**Required action**
Below are the records; reproduce all of them exactly but without any images.

***** Extracted information

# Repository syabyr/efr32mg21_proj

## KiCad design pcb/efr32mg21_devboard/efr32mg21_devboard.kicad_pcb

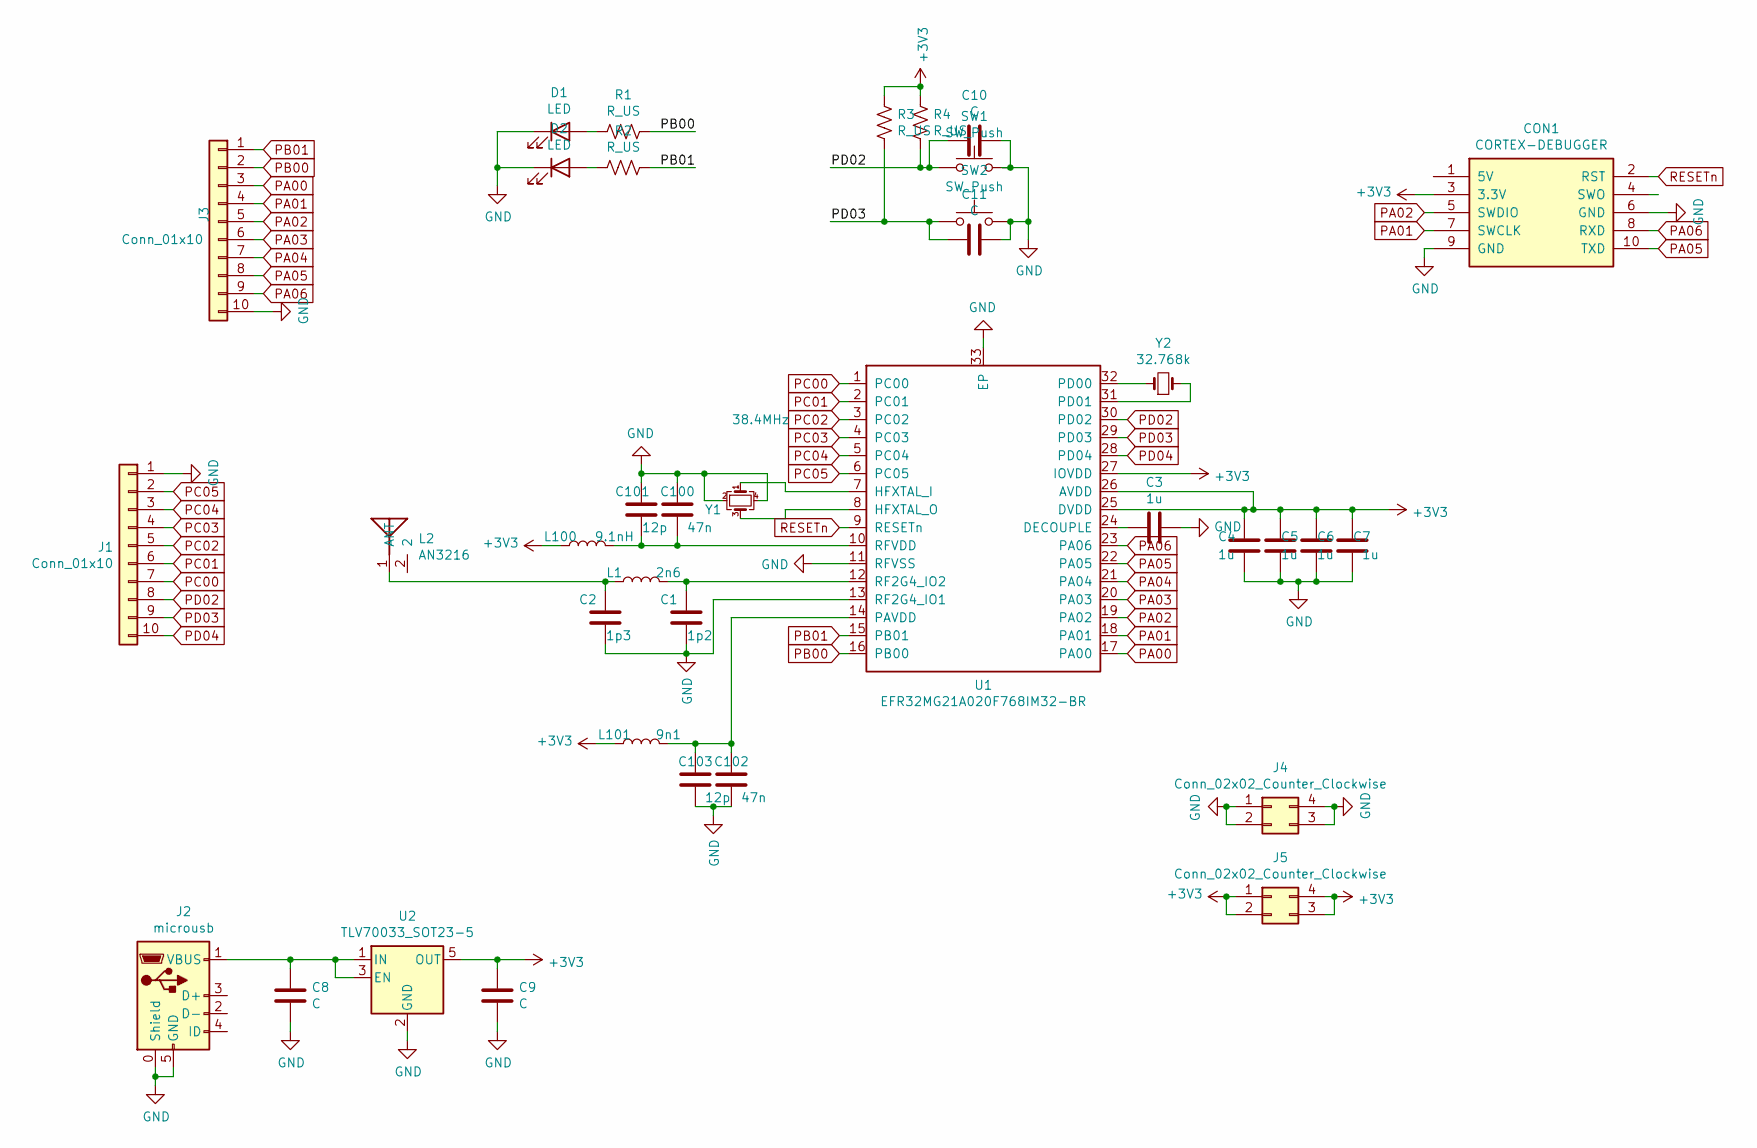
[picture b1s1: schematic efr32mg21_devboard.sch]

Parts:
C1: 1p2; C_0402_1005Metric
C2: 1p3; C_0402_1005Metric
C3, C4, C5, C6, C7: 1u; C_0402_1005Metric
C8, C9: C; C_1206_3216Metric
C10, C11: C; C_0603_1608Metric_Pad1.08x0.95mm_HandSolder
C100, C102: 47n; C_0402_1005Metric
C101, C103: 12p; C_0402_1005Metric
CON1: CORTEX-DEBUGGER; debugger_2x05_P1.27mm_Vertical
D1, D2: LED; LED_0805_2012Metric
J1, J3: Conn_01x10; PinHeader_1x10_P2.54mm_Vertical
J2: microusb; MICRO-USB_MICRO-USB-17
J4, J5: Conn_02x02_Counter_Clockwise; PinHeader_2x02_P2.54mm_Vertical
L1: 2n6; L_0402_1005Metric
L2: AN3216; ANT3216-2.4G
L100: 9.1nH; L_0603_1608Metric
L101: 9n1; L_0603_1608Metric
R1, R2, R3, R4: R_US; R_0603_1608Metric_Pad0.98x0.95mm_HandSolder
SW1, SW2: SW_Push; turtlekey
U1: EFR32MG21A020F768IM32-BR; QFN-32-1EP_4x4mm_P0.4mm_EP2.9x2.9mm
U2: TLV70033_SOT23-5; SOT-23-5
Y1: 38.4MHz; Crystal_SMD_3225-4Pin_3.2x2.5mm
Y2: 32.768k; Crystal_SMD_3215-2Pin_3.2x1.5mm

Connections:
+3V3: C4.2, C5.2, C6.2, C7.2, C9.1, CON1.3 (3.3V), J5.1, J5.2, J5.3, J5.4, L100.1, L101.1, R3.2, R4.2, U1.25 (DVDD), U1.26 (AVDD), U1.27 (IOVDD), U2.5 (OUT)
GND: C1.1, C2.1, C3.1, C4.1, C5.1, C6.1, C7.1, C8.2, C9.2, C10.1, C11.1, C100.2, C101.2, C102.1, C103.1, CON1.6 (GND), CON1.9 (GND), D1.1 (K), D2.1 (K), J1.1, J2.0 (Shield), J2.5 (GND), J3.10, J4.1, J4.2, J4.3, J4.4, SW1.2, SW2.2, U1.11 (RFVSS), U1.13 (RF2G4_IO1), U1.33 (EP), U2.2 (GND), Y1.2, Y1.4
unnamed: C1.2, L1.2, U1.12 (RF2G4_IO2)
unnamed: C2.2, L1.1, L2.1 (ANT)
unnamed: C3.2, U1.24 (DECOUPLE)
unnamed: C8.1, J2.1 (VBUS), U2.1 (IN), U2.3 (EN)
unnamed: C100.1, C101.1, L100.2, U1.10 (RFVDD)
unnamed: C102.2, C103.2, L101.2, U1.14 (PAVDD)
unnamed: D1.2 (A), R1.2
unnamed: D2.2 (A), R2.2
unnamed: U1.7 (HFXTAL_I), Y1.1
unnamed: U1.8 (HFXTAL_O), Y1.3
unnamed: U1.31 (PD01), Y2.2
unnamed: U1.32 (PD00), Y2.1
PA00: J3.3, U1.17 (PA00)
PA01: CON1.7 (SWCLK), J3.4, U1.18 (PA01)
PA02: CON1.5 (SWDIO), J3.5, U1.19 (PA02)
PA03: J3.6, U1.20 (PA03)
PA04: J3.7, U1.21 (PA04)
PA05: CON1.10 (TXD), J3.8, U1.22 (PA05)
PA06: CON1.8 (RXD), J3.9, U1.23 (PA06)
PB00: J3.2, R1.1, U1.16 (PB00)
PB01: J3.1, R2.1, U1.15 (PB01)
PC00: J1.7, U1.1 (PC00)
PC01: J1.6, U1.2 (PC01)
PC02: J1.5, U1.3 (PC02)
PC03: J1.4, U1.4 (PC03)
PC04: J1.3, U1.5 (PC04)
PC05: J1.2, U1.6 (PC05)
PD02: C10.2, J1.8, R4.1, SW1.1, U1.30 (PD02)
PD03: C11.2, J1.9, R3.1, SW2.1, U1.29 (PD03)
PD04: J1.10, U1.28 (PD04)
RESETn: CON1.2 (RST), U1.9 (RESETn)

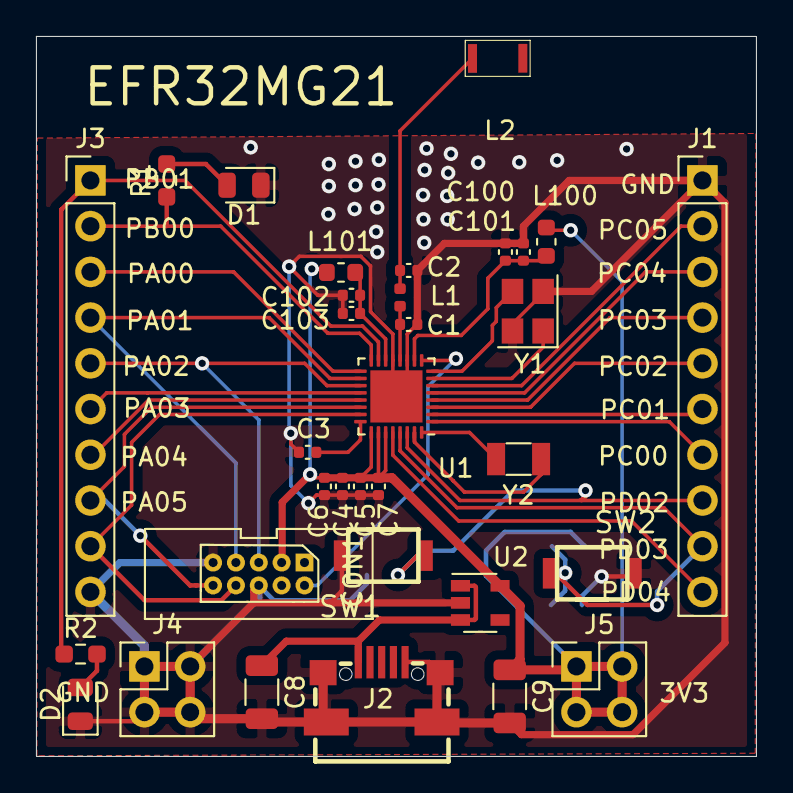
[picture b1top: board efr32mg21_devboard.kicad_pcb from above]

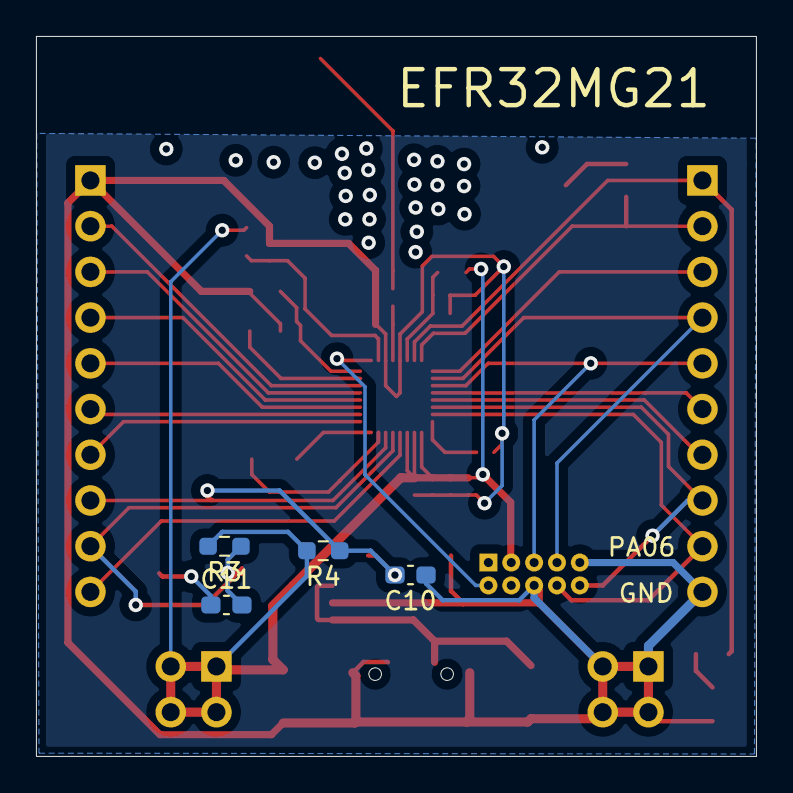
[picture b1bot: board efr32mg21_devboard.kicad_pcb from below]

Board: 2 copper layers, 40.0 x 40.0 mm, 37 parts (4 on the bottom side), 33 nets.

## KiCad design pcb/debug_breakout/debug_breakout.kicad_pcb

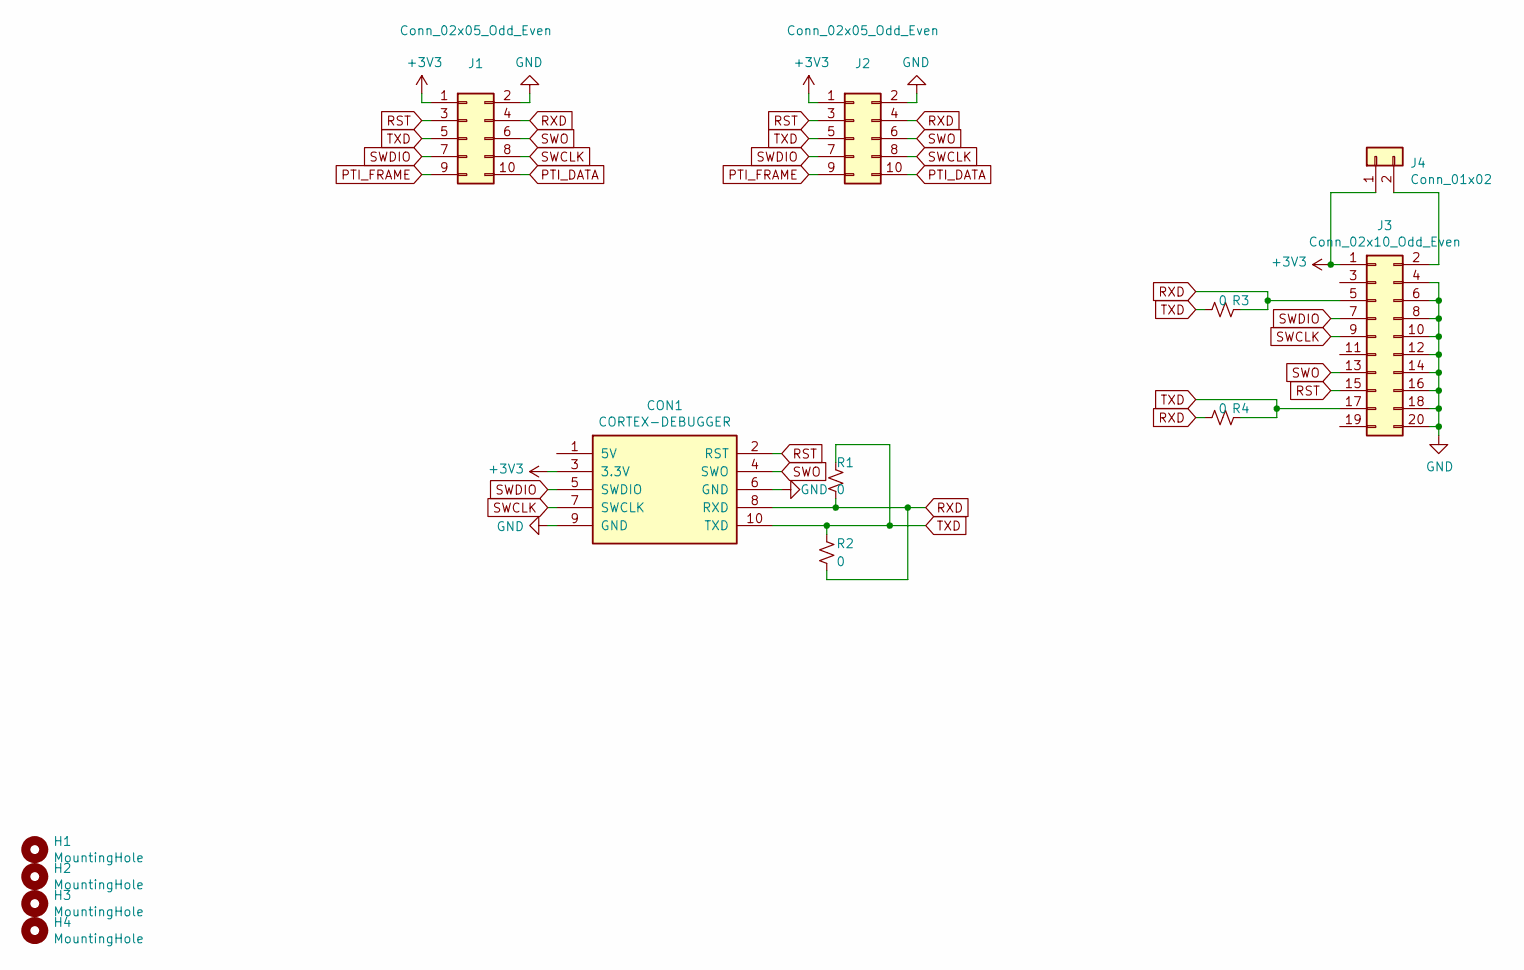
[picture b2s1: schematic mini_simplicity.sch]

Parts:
CON1: CORTEX-DEBUGGER; debugger_2x05_P1.27mm_Vertical
H1, H2, H3, H4: MountingHole; MountingHole_3.2mm_M3_ISO7380
J1: Conn_02x05_Odd_Even; debugger_2x05_P1.27mm_Vertical
J2: Conn_02x05_Odd_Even; PinHeader_2x05_P2.54mm_Vertical
J3: Conn_02x10_Odd_Even; PinHeader_2x10_P2.54mm_Vertical
J4: Conn_01x02; PinHeader_1x02_P2.54mm_Vertical
R1, R2, R3, R4: 0; R_0201_0603Metric

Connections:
+3V3: CON1.3 (3.3V), J1.1, J2.1, J3.1, J4.1
GND: CON1.6 (GND), CON1.9 (GND), J1.2, J2.2, J3.4, J3.6, J3.8, J3.10, J3.12, J3.14, J3.16, J3.18, J3.20
unnamed: J3.2, J4.2
PTI_DATA: J1.10, J2.10
PTI_FRAME: J1.9, J2.9
RST: CON1.2 (RST), J1.3, J2.3, J3.15
RXD: CON1.8 (RXD), J1.4, J2.4, J3.5, R1.2, R2.2, R3.1, R4.2
SWCLK: CON1.7 (SWCLK), J1.8, J2.8, J3.9
SWDIO: CON1.5 (SWDIO), J1.7, J2.7, J3.7
SWO: CON1.4 (SWO), J1.6, J2.6, J3.13
TXD: CON1.10 (TXD), J1.5, J2.5, J3.17, R1.1, R2.1, R3.2, R4.1

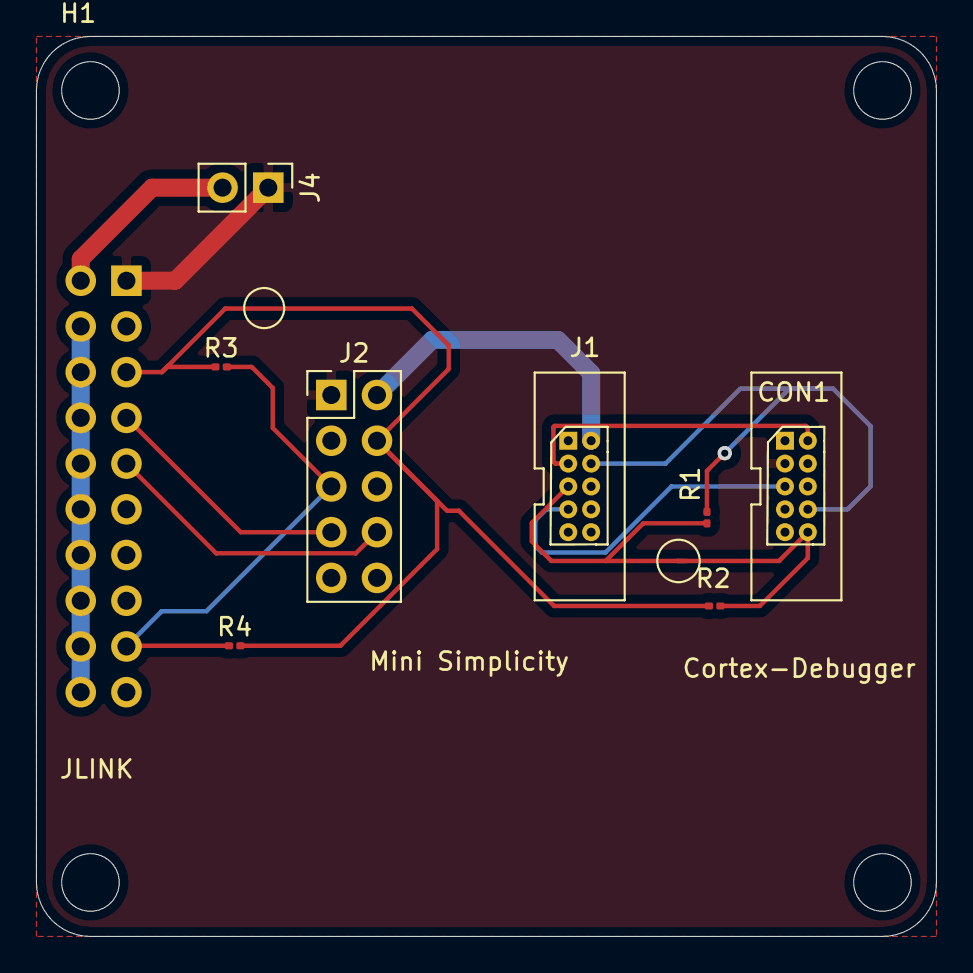
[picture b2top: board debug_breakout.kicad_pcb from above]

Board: 4 copper layers, 50.0 x 50.0 mm, 13 parts (1 on the bottom side), 11 nets.

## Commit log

2022-01-29 proj
2022-03-20 breakout board
2022-03-20 key touch

**********

**Exercise solution**
# Repository syabyr/efr32mg21_proj

## KiCad design pcb/efr32mg21_devboard/efr32mg21_devboard.kicad_pcb

[picture b1s1: schematic efr32mg21_devboard.sch]

Parts:
C1: 1p2; C_0402_1005Metric
C2: 1p3; C_0402_1005Metric
C3, C4, C5, C6, C7: 1u; C_0402_1005Metric
C8, C9: C; C_1206_3216Metric
C10, C11: C; C_0603_1608Metric_Pad1.08x0.95mm_HandSolder
C100, C102: 47n; C_0402_1005Metric
C101, C103: 12p; C_0402_1005Metric
CON1: CORTEX-DEBUGGER; debugger_2x05_P1.27mm_Vertical
D1, D2: LED; LED_0805_2012Metric
J1, J3: Conn_01x10; PinHeader_1x10_P2.54mm_Vertical
J2: microusb; MICRO-USB_MICRO-USB-17
J4, J5: Conn_02x02_Counter_Clockwise; PinHeader_2x02_P2.54mm_Vertical
L1: 2n6; L_0402_1005Metric
L2: AN3216; ANT3216-2.4G
L100: 9.1nH; L_0603_1608Metric
L101: 9n1; L_0603_1608Metric
R1, R2, R3, R4: R_US; R_0603_1608Metric_Pad0.98x0.95mm_HandSolder
SW1, SW2: SW_Push; turtlekey
U1: EFR32MG21A020F768IM32-BR; QFN-32-1EP_4x4mm_P0.4mm_EP2.9x2.9mm
U2: TLV70033_SOT23-5; SOT-23-5
Y1: 38.4MHz; Crystal_SMD_3225-4Pin_3.2x2.5mm
Y2: 32.768k; Crystal_SMD_3215-2Pin_3.2x1.5mm

Connections:
+3V3: C4.2, C5.2, C6.2, C7.2, C9.1, CON1.3 (3.3V), J5.1, J5.2, J5.3, J5.4, L100.1, L101.1, R3.2, R4.2, U1.25 (DVDD), U1.26 (AVDD), U1.27 (IOVDD), U2.5 (OUT)
GND: C1.1, C2.1, C3.1, C4.1, C5.1, C6.1, C7.1, C8.2, C9.2, C10.1, C11.1, C100.2, C101.2, C102.1, C103.1, CON1.6 (GND), CON1.9 (GND), D1.1 (K), D2.1 (K), J1.1, J2.0 (Shield), J2.5 (GND), J3.10, J4.1, J4.2, J4.3, J4.4, SW1.2, SW2.2, U1.11 (RFVSS), U1.13 (RF2G4_IO1), U1.33 (EP), U2.2 (GND), Y1.2, Y1.4
unnamed: C1.2, L1.2, U1.12 (RF2G4_IO2)
unnamed: C2.2, L1.1, L2.1 (ANT)
unnamed: C3.2, U1.24 (DECOUPLE)
unnamed: C8.1, J2.1 (VBUS), U2.1 (IN), U2.3 (EN)
unnamed: C100.1, C101.1, L100.2, U1.10 (RFVDD)
unnamed: C102.2, C103.2, L101.2, U1.14 (PAVDD)
unnamed: D1.2 (A), R1.2
unnamed: D2.2 (A), R2.2
unnamed: U1.7 (HFXTAL_I), Y1.1
unnamed: U1.8 (HFXTAL_O), Y1.3
unnamed: U1.31 (PD01), Y2.2
unnamed: U1.32 (PD00), Y2.1
PA00: J3.3, U1.17 (PA00)
PA01: CON1.7 (SWCLK), J3.4, U1.18 (PA01)
PA02: CON1.5 (SWDIO), J3.5, U1.19 (PA02)
PA03: J3.6, U1.20 (PA03)
PA04: J3.7, U1.21 (PA04)
PA05: CON1.10 (TXD), J3.8, U1.22 (PA05)
PA06: CON1.8 (RXD), J3.9, U1.23 (PA06)
PB00: J3.2, R1.1, U1.16 (PB00)
PB01: J3.1, R2.1, U1.15 (PB01)
PC00: J1.7, U1.1 (PC00)
PC01: J1.6, U1.2 (PC01)
PC02: J1.5, U1.3 (PC02)
PC03: J1.4, U1.4 (PC03)
PC04: J1.3, U1.5 (PC04)
PC05: J1.2, U1.6 (PC05)
PD02: C10.2, J1.8, R4.1, SW1.1, U1.30 (PD02)
PD03: C11.2, J1.9, R3.1, SW2.1, U1.29 (PD03)
PD04: J1.10, U1.28 (PD04)
RESETn: CON1.2 (RST), U1.9 (RESETn)

[picture b1top: board efr32mg21_devboard.kicad_pcb from above]

[picture b1bot: board efr32mg21_devboard.kicad_pcb from below]

Board: 2 copper layers, 40.0 x 40.0 mm, 37 parts (4 on the bottom side), 33 nets.

## KiCad design pcb/debug_breakout/debug_breakout.kicad_pcb

[picture b2s1: schematic mini_simplicity.sch]

Parts:
CON1: CORTEX-DEBUGGER; debugger_2x05_P1.27mm_Vertical
H1, H2, H3, H4: MountingHole; MountingHole_3.2mm_M3_ISO7380
J1: Conn_02x05_Odd_Even; debugger_2x05_P1.27mm_Vertical
J2: Conn_02x05_Odd_Even; PinHeader_2x05_P2.54mm_Vertical
J3: Conn_02x10_Odd_Even; PinHeader_2x10_P2.54mm_Vertical
J4: Conn_01x02; PinHeader_1x02_P2.54mm_Vertical
R1, R2, R3, R4: 0; R_0201_0603Metric

Connections:
+3V3: CON1.3 (3.3V), J1.1, J2.1, J3.1, J4.1
GND: CON1.6 (GND), CON1.9 (GND), J1.2, J2.2, J3.4, J3.6, J3.8, J3.10, J3.12, J3.14, J3.16, J3.18, J3.20
unnamed: J3.2, J4.2
PTI_DATA: J1.10, J2.10
PTI_FRAME: J1.9, J2.9
RST: CON1.2 (RST), J1.3, J2.3, J3.15
RXD: CON1.8 (RXD), J1.4, J2.4, J3.5, R1.2, R2.2, R3.1, R4.2
SWCLK: CON1.7 (SWCLK), J1.8, J2.8, J3.9
SWDIO: CON1.5 (SWDIO), J1.7, J2.7, J3.7
SWO: CON1.4 (SWO), J1.6, J2.6, J3.13
TXD: CON1.10 (TXD), J1.5, J2.5, J3.17, R1.1, R2.1, R3.2, R4.1

[picture b2top: board debug_breakout.kicad_pcb from above]

Board: 4 copper layers, 50.0 x 50.0 mm, 13 parts (1 on the bottom side), 11 nets.

## Commit log

2022-01-29 proj
2022-03-20 breakout board
2022-03-20 key touch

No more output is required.